> [Assignment]:
Work through the listing below, copying each line that carries the word "KiCad".
= = = = =
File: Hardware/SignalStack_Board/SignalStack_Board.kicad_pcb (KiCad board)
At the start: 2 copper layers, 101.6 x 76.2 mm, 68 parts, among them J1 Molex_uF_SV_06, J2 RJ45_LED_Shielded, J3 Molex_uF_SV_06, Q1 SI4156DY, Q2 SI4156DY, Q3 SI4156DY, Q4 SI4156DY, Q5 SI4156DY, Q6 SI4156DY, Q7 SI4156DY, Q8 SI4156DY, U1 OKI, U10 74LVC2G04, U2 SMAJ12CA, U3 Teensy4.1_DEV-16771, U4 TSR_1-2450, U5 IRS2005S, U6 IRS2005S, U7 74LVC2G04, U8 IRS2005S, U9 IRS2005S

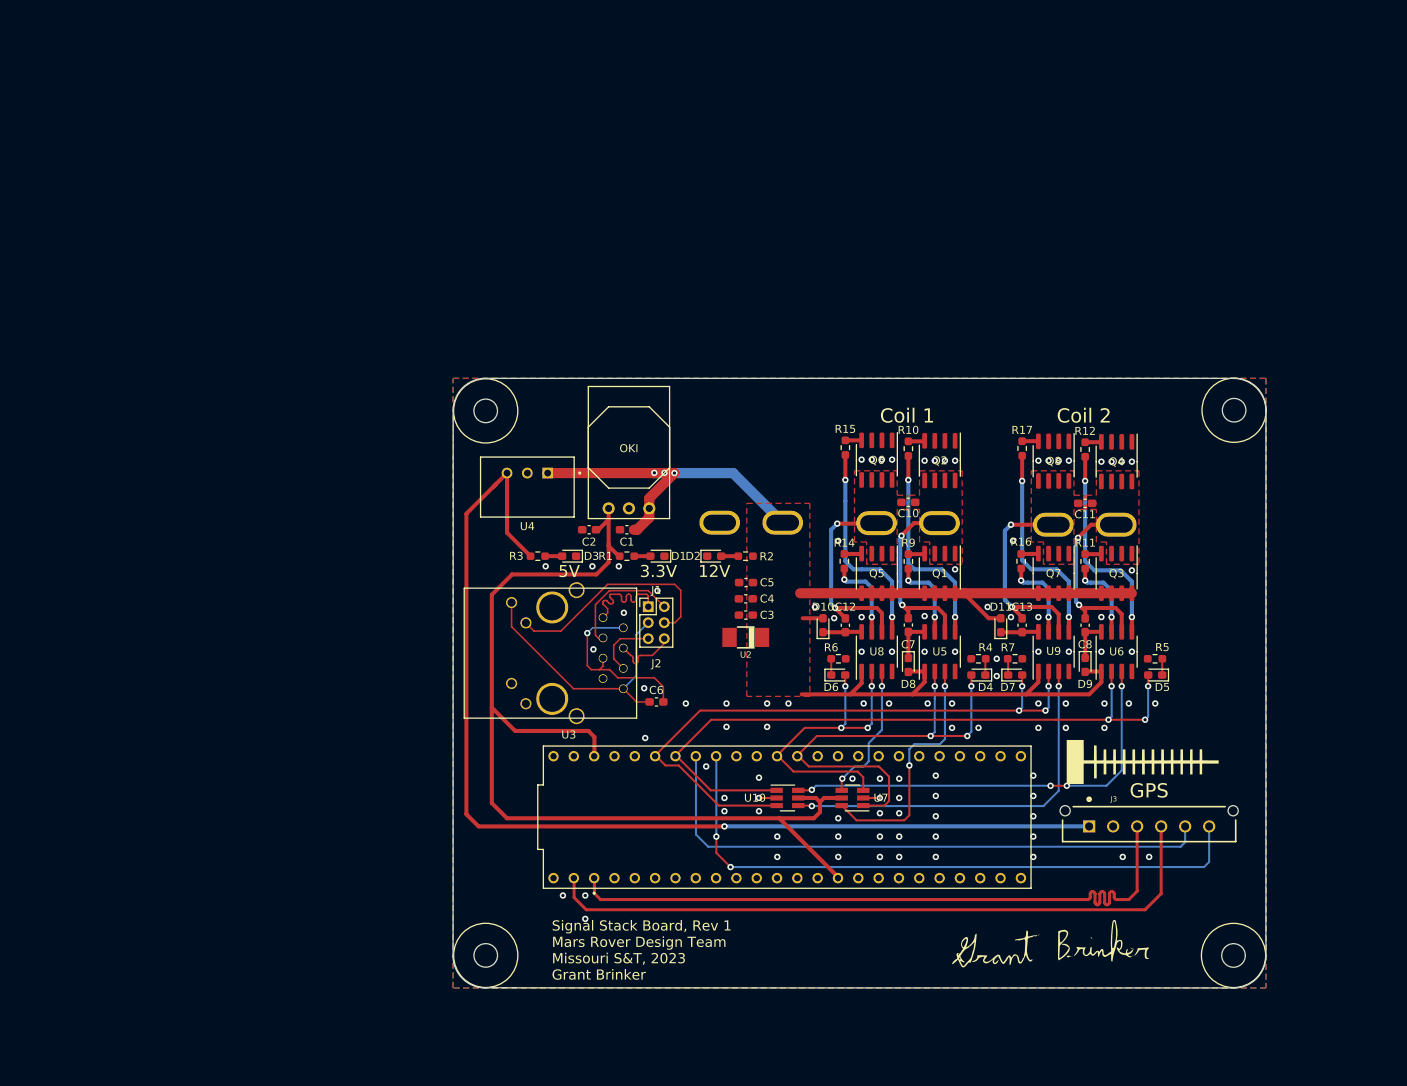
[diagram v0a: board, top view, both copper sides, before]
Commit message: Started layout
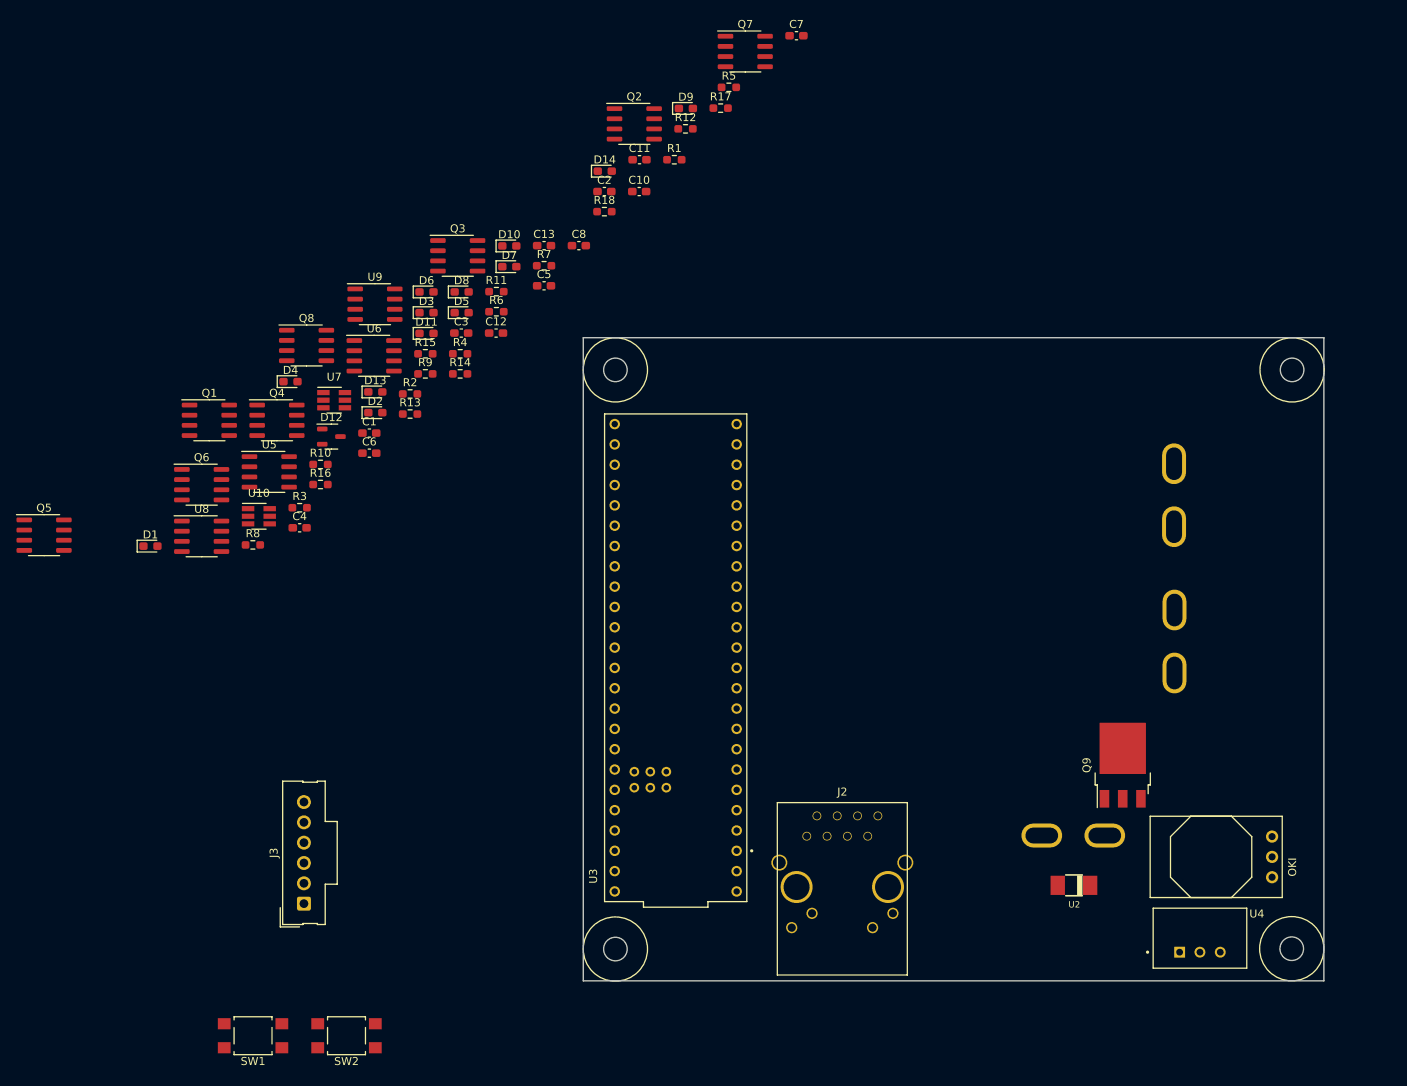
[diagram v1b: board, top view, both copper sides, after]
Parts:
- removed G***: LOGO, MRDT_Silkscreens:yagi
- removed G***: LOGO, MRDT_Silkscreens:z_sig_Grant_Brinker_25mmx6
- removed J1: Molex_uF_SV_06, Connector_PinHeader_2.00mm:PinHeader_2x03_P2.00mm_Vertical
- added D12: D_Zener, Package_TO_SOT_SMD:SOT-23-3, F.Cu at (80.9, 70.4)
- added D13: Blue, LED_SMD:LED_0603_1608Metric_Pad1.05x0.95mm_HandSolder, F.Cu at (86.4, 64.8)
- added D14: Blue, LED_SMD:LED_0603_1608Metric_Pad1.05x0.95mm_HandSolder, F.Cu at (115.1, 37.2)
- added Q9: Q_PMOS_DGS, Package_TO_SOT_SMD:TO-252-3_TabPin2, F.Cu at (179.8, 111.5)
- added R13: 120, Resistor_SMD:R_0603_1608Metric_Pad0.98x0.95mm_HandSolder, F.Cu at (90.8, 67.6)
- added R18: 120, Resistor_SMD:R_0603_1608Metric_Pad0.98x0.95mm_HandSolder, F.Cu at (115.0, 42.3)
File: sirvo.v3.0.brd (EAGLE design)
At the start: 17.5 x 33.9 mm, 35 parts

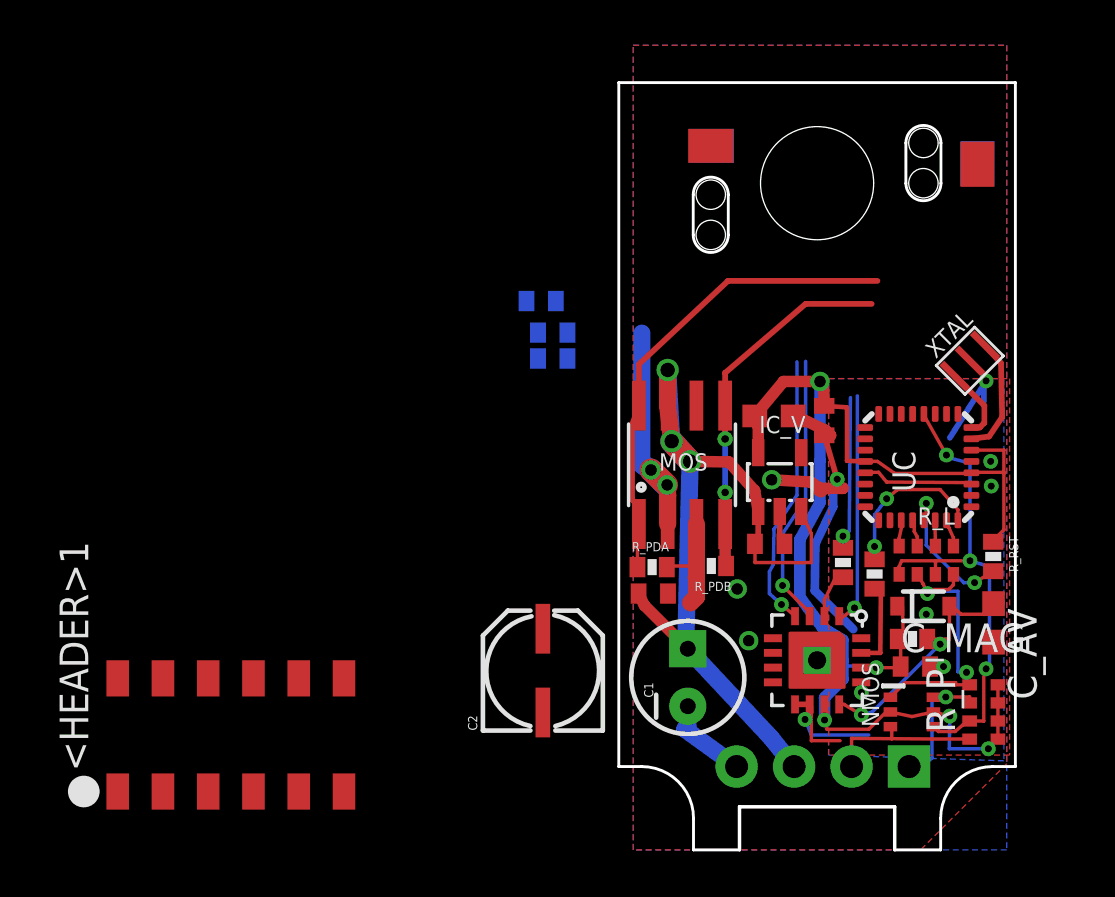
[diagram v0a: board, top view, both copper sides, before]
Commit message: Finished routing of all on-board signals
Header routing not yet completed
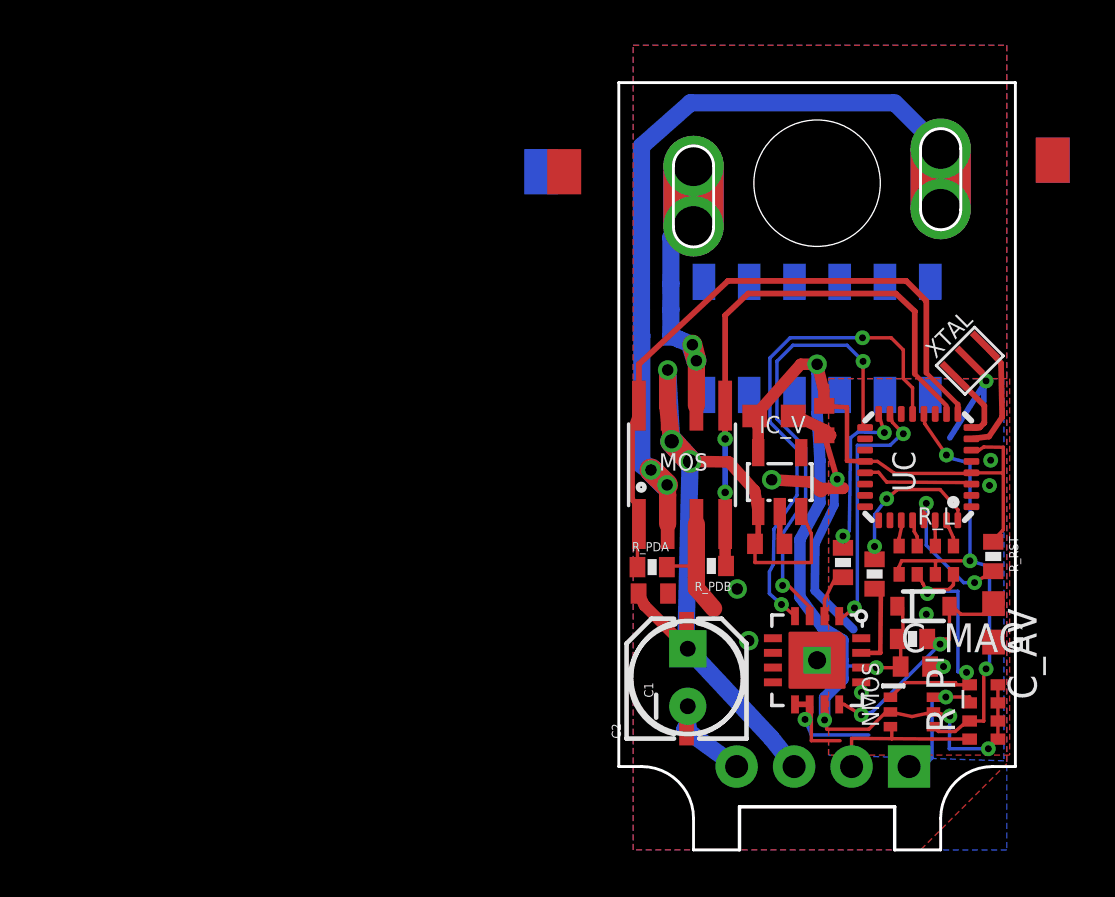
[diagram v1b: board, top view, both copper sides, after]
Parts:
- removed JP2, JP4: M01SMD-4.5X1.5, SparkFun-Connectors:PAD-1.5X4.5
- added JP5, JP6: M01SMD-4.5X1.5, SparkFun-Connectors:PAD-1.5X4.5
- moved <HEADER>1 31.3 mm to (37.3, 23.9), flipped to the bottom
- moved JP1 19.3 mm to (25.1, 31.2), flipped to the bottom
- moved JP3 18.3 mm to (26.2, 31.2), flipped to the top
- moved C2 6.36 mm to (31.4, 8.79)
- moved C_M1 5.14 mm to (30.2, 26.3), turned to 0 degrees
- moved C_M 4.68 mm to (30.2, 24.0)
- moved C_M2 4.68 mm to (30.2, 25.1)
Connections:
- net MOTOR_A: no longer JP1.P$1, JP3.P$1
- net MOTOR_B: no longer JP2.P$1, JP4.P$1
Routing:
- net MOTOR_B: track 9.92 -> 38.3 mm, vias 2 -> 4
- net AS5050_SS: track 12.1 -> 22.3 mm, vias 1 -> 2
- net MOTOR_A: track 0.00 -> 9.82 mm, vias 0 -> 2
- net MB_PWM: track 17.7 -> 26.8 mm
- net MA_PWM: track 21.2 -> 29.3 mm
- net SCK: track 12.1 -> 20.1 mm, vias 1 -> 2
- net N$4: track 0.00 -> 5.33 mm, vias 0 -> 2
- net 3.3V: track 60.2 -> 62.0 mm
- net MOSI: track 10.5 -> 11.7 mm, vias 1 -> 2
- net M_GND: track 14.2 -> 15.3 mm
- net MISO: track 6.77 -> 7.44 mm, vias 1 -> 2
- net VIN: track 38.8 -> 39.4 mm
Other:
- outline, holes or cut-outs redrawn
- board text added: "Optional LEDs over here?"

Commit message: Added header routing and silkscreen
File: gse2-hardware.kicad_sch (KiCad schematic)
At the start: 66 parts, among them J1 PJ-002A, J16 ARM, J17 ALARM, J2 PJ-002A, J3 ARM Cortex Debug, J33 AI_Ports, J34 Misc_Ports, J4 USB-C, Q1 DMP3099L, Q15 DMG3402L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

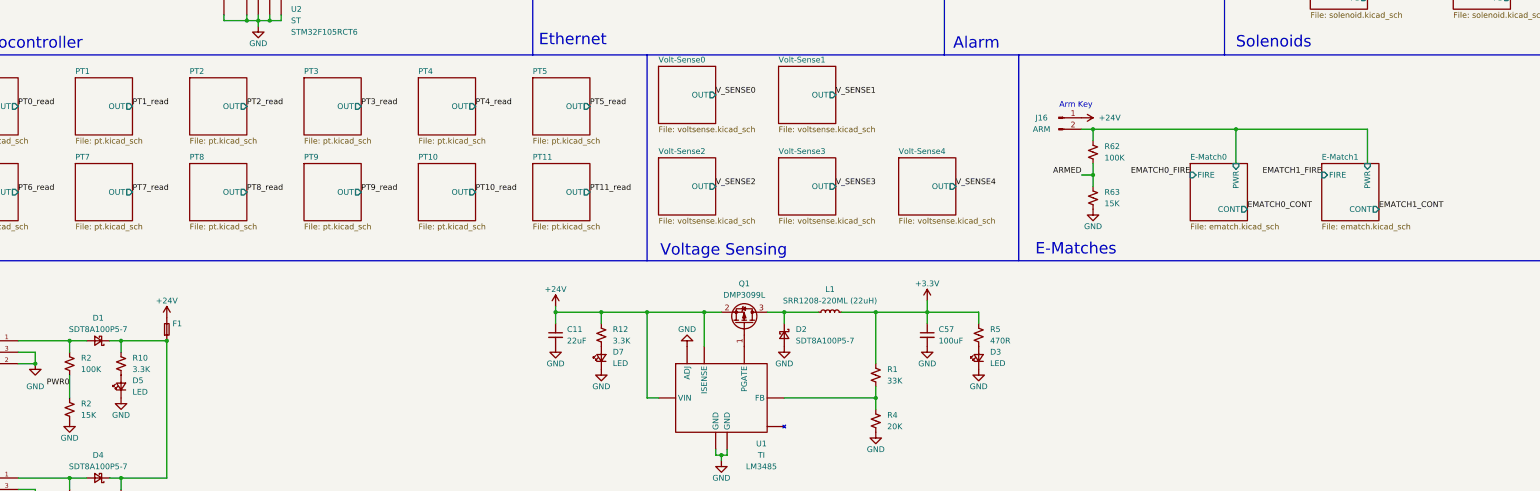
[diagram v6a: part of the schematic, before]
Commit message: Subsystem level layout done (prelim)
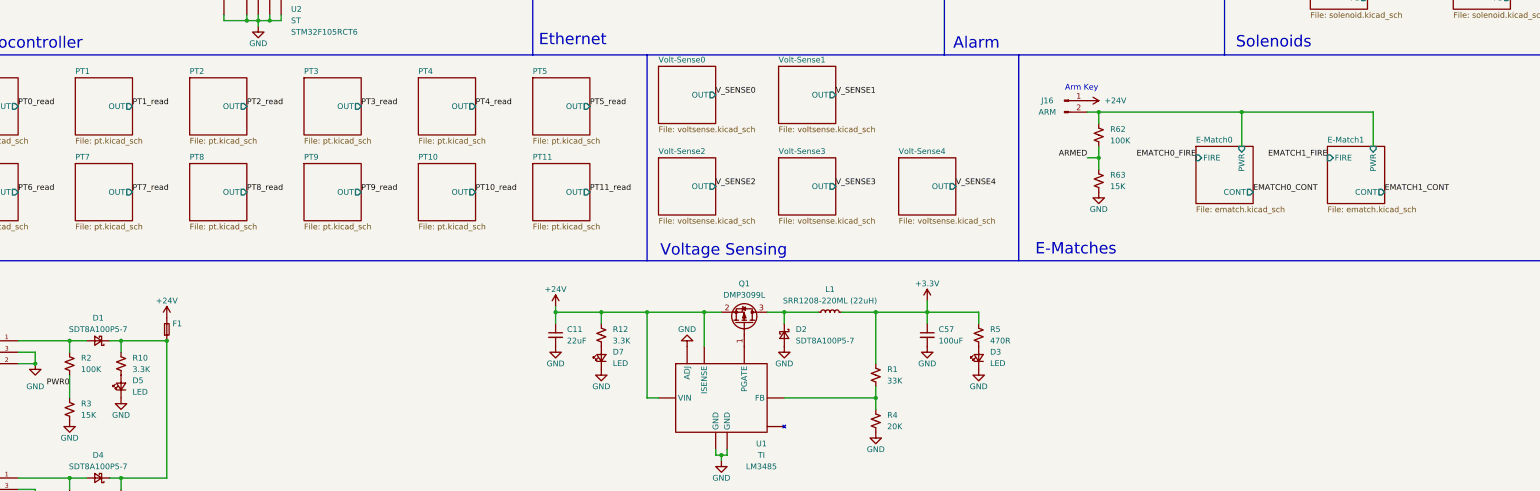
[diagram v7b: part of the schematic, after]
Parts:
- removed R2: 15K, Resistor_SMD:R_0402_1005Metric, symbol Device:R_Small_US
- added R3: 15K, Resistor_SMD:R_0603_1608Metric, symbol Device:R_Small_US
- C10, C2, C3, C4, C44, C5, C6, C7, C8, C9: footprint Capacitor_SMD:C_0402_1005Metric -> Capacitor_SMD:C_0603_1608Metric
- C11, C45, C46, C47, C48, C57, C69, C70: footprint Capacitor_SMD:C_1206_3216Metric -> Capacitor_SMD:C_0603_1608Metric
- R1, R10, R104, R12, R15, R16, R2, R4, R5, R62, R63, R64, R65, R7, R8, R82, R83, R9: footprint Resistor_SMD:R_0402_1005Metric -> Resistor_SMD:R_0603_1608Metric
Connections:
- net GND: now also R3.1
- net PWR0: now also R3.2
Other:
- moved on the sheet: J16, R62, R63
= = = = =
> [Result of the task]:
File: Hardware/SignalStack_Board/SignalStack_Board.kicad_pcb (KiCad board)
File: gse2-hardware.kicad_sch (KiCad schematic)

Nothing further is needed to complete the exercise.